Дело особенно обострилось, когда родился Юра, и через год маме пришлось оставить работу в Институте курортологии, где она была окружена почетом и уважением. Ее возмущало легкомыслие, с которым в это тяжелое время студенты, далекие еще от умения что-то заработать, решились завести ребенка — и она обвиняла в этом Павлика. Мужчину, старшего в молодой семье по возрасту, взвалившего, таким образом, новую тяжесть на ее плечи. Хотя была и домработница, наша Васена.
В сущности, она была права Но нельзя все-таки обожая, естественно, внука, попрекать его существованием молодых родителей — тем более что, едва она оставила работу, они бросились подрабатывать, чтобы пополнить семейный бюджет. Одним словом, дома было тяжело.
Когда мы поженились, отец был уверен, что получит для нас комнату. Ему это твердо обещал нарком Хинчук — для наркомата строился дом (где-то за городом, но близко к Москве, кажется, в Перловке). Таким образом, мы вовсе не собирались жить вместе с родителями, и только на этом условии мама согласилась на приезд Павлика.

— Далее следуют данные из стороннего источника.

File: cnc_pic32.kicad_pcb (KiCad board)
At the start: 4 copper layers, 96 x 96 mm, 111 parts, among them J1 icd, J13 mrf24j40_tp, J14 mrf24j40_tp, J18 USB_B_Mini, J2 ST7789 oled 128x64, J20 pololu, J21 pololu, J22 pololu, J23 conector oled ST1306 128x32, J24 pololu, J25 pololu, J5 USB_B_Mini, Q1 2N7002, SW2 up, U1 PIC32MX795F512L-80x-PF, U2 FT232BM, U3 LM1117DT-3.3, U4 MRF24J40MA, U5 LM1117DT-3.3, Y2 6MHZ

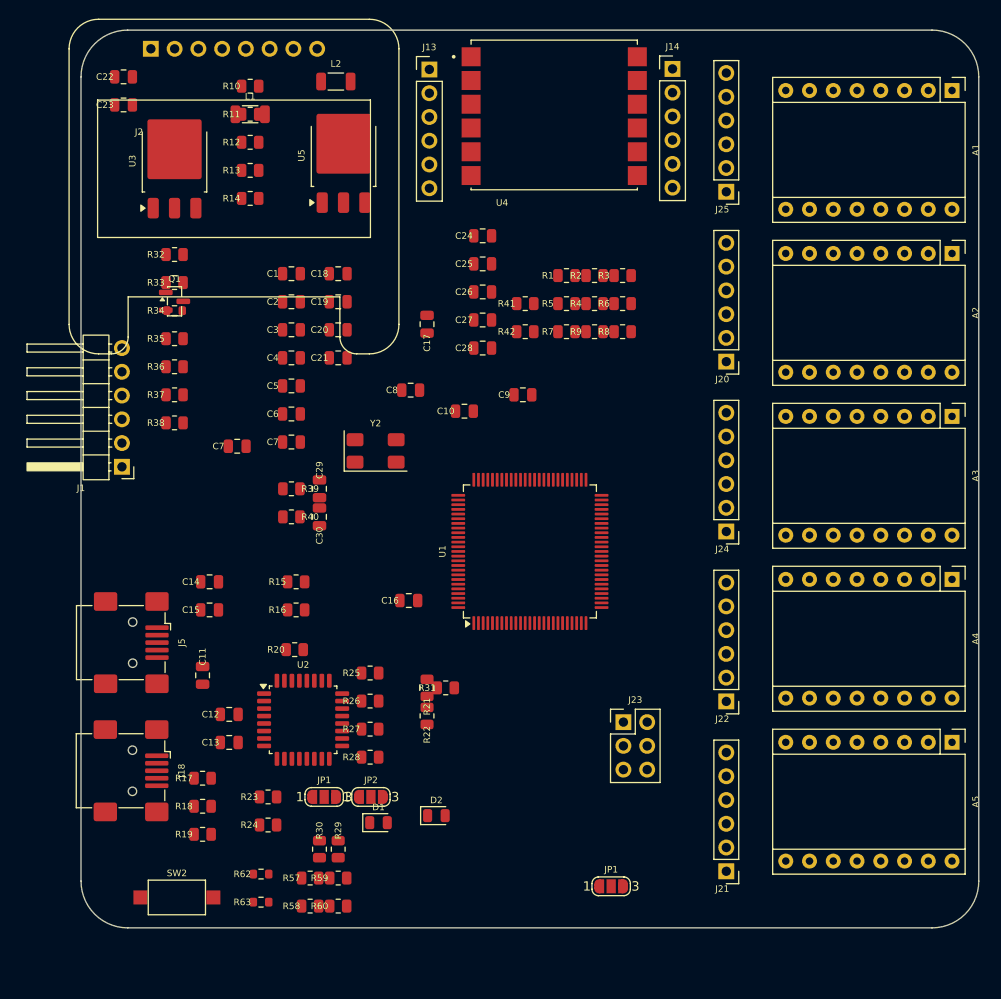
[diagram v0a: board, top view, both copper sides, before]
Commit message: feat: PCB layout updates, schematic changes, fp-lib-table config
- cnc_pic32.kicad_pcb: component repositioning, board outline, text formatting
- cnc_pic32.kicad_prl/pro: project settings updates
- fp-lib-table: add Library path to Library.pretty
- mcu.kicad_sch: PIC32 pin configuration updates
- zigbee.kicad_sch: MRF24J40 module updates
- oscilator.kicad_sch: crystal configuration
- power.kicad_sch/power_ft232.kicad_sch: power supply updates
- oled.kicad_sch: OLED display connections
- idc.kicad_sch: IDC connector updates
- osc_ft232.kicad_sch: FT232 crystal
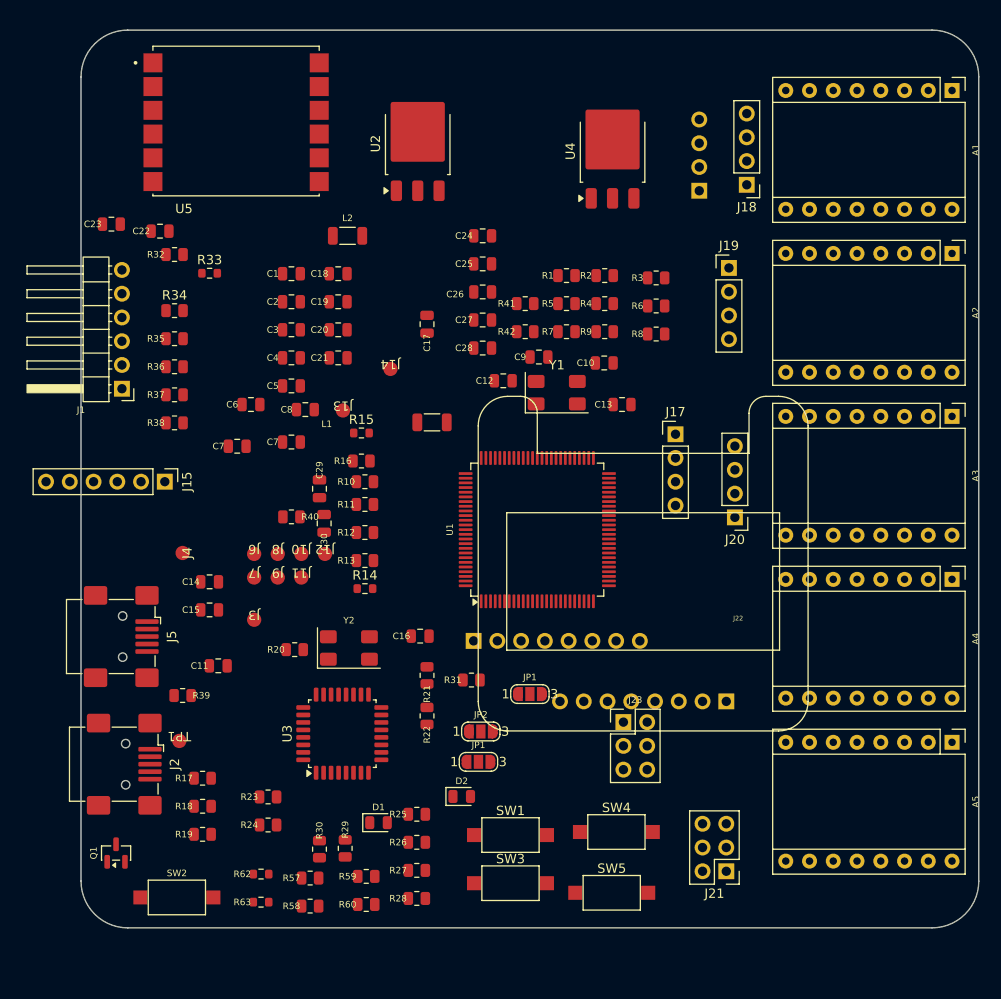
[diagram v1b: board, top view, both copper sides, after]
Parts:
- removed J25: pololu, kiC:PinHeader_1x06_P2.54mm_Vertical
- added J10: tp_ft232_, Library:connector_pin1, F.Cu at (75.6, 82.0)
- added J11: tp_ft232_, Library:connector_pin1, F.Cu at (75.6, 84.5)
- added J12: tp_ft232_, Library:connector_pin1, F.Cu at (78.1, 82.0)
- added J15: pololu, Library:PinHeader_1x06_P2.54mm_Vertical, F.Cu at (61.0, 74.3)
- added J16: pololu, Connector_PinHeader_2.54mm:PinHeader_1x04_P2.54mm_Vertical, B.Cu at (118.1, 43.2)
- added J17: pololu, Connector_PinHeader_2.54mm:PinHeader_1x04_P2.54mm_Vertical, F.Cu at (115.6, 69.2)
- added J19: pololu, Connector_PinHeader_2.54mm:PinHeader_1x04_P2.54mm_Vertical, F.Cu at (121.3, 51.4)
- added J3: tp_ft232_, Library:connector_pin1, F.Cu at (70.5, 89.1)
- added J4: tp_ft232_, Library:connector_pin1, F.Cu at (62.9, 81.9)
- added J6: tp_ft232_, Library:connector_pin1, F.Cu at (70.5, 82.0)
- added J7: tp_ft232_, Library:connector_pin1, F.Cu at (70.5, 84.5)
- added J8: tp_ft232_, Library:connector_pin1, F.Cu at (73.0, 82.0)
- added J9: tp_ft232_, Library:connector_pin1, F.Cu at (73.0, 84.5)
- added SW1: power, Button_Switch_SMD:SW_SPST_CK_RS282G05A3, F.Cu at (97.9, 112.1)
- added SW3: down, Button_Switch_SMD:SW_SPST_CK_RS282G05A3, F.Cu at (97.9, 117.2)
- added SW4: left, Button_Switch_SMD:SW_SPST_CK_RS282G05A3, F.Cu at (109.2, 111.8)
- added SW5: rigth, Button_Switch_SMD:SW_SPST_CK_RS282G05A3, F.Cu at (108.8, 118.2)
- added TP1: tp_pic+5, Library:connector_pin1, F.Cu at (62.5, 102.0)
- added Y1: 8MHZ, Crystal:Crystal_SMD_0603-4Pin_6.0x3.5mm, F.Cu at (102.9, 64.8)
- C10, C16, C9: value 15p -> 100nf
- C12, C13: value 33nf -> 15p
- C17: value 15p -> 33nf
- C18: value 100nf -> 33nf
- C21, C22: value 100nf -> 15p
- J13, J14: value mrf24j40_tp -> tp_ft232_; footprint Connector_PinHeader_2.54mm:PinHeader_1x06_P2.54mm_Vertical -> Library:connector_pin1
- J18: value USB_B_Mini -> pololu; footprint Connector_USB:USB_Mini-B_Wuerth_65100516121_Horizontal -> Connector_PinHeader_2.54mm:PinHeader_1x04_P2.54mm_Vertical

Но потом исчез Хинчук, растаяли обещания, и мы остались в одной с родителями комнате на Ржевском. А Васена спала на сундуке в общем коммунальном коридоре.
Когда я ждала ребенка и стало ясно, что продолжать жить вместе будет невозможно, мы начали искать комнату за городом. Я собиралась взять академический отпуск и сама растить младенца. Но тут взбунтовался отец, правильно понимавший, что это чревато отказом от завершения высшего образования (мне оставалось учиться после родов еще два года). Он предложил и реализовал другой вариант: большая наша комната была перегорожена поперек на две части, в соотношении примерно 25 на 10 метров, и у нас образовалась своя комнатка, правда полутемная - свет проникал только через стекла в верхней части перегородки.
Разумеется, не могло возникнуть и мысли о том, чтобы в большей, светлой части комнаты жили мы, - это было бы уже невообразимым посягательством на остатки маминого дома. Но было, вместе с тем, нечто ненормальное в том, что новорожденный ребенок должен был расти в темноте. Мама брала его к себе только в наше отсутствие.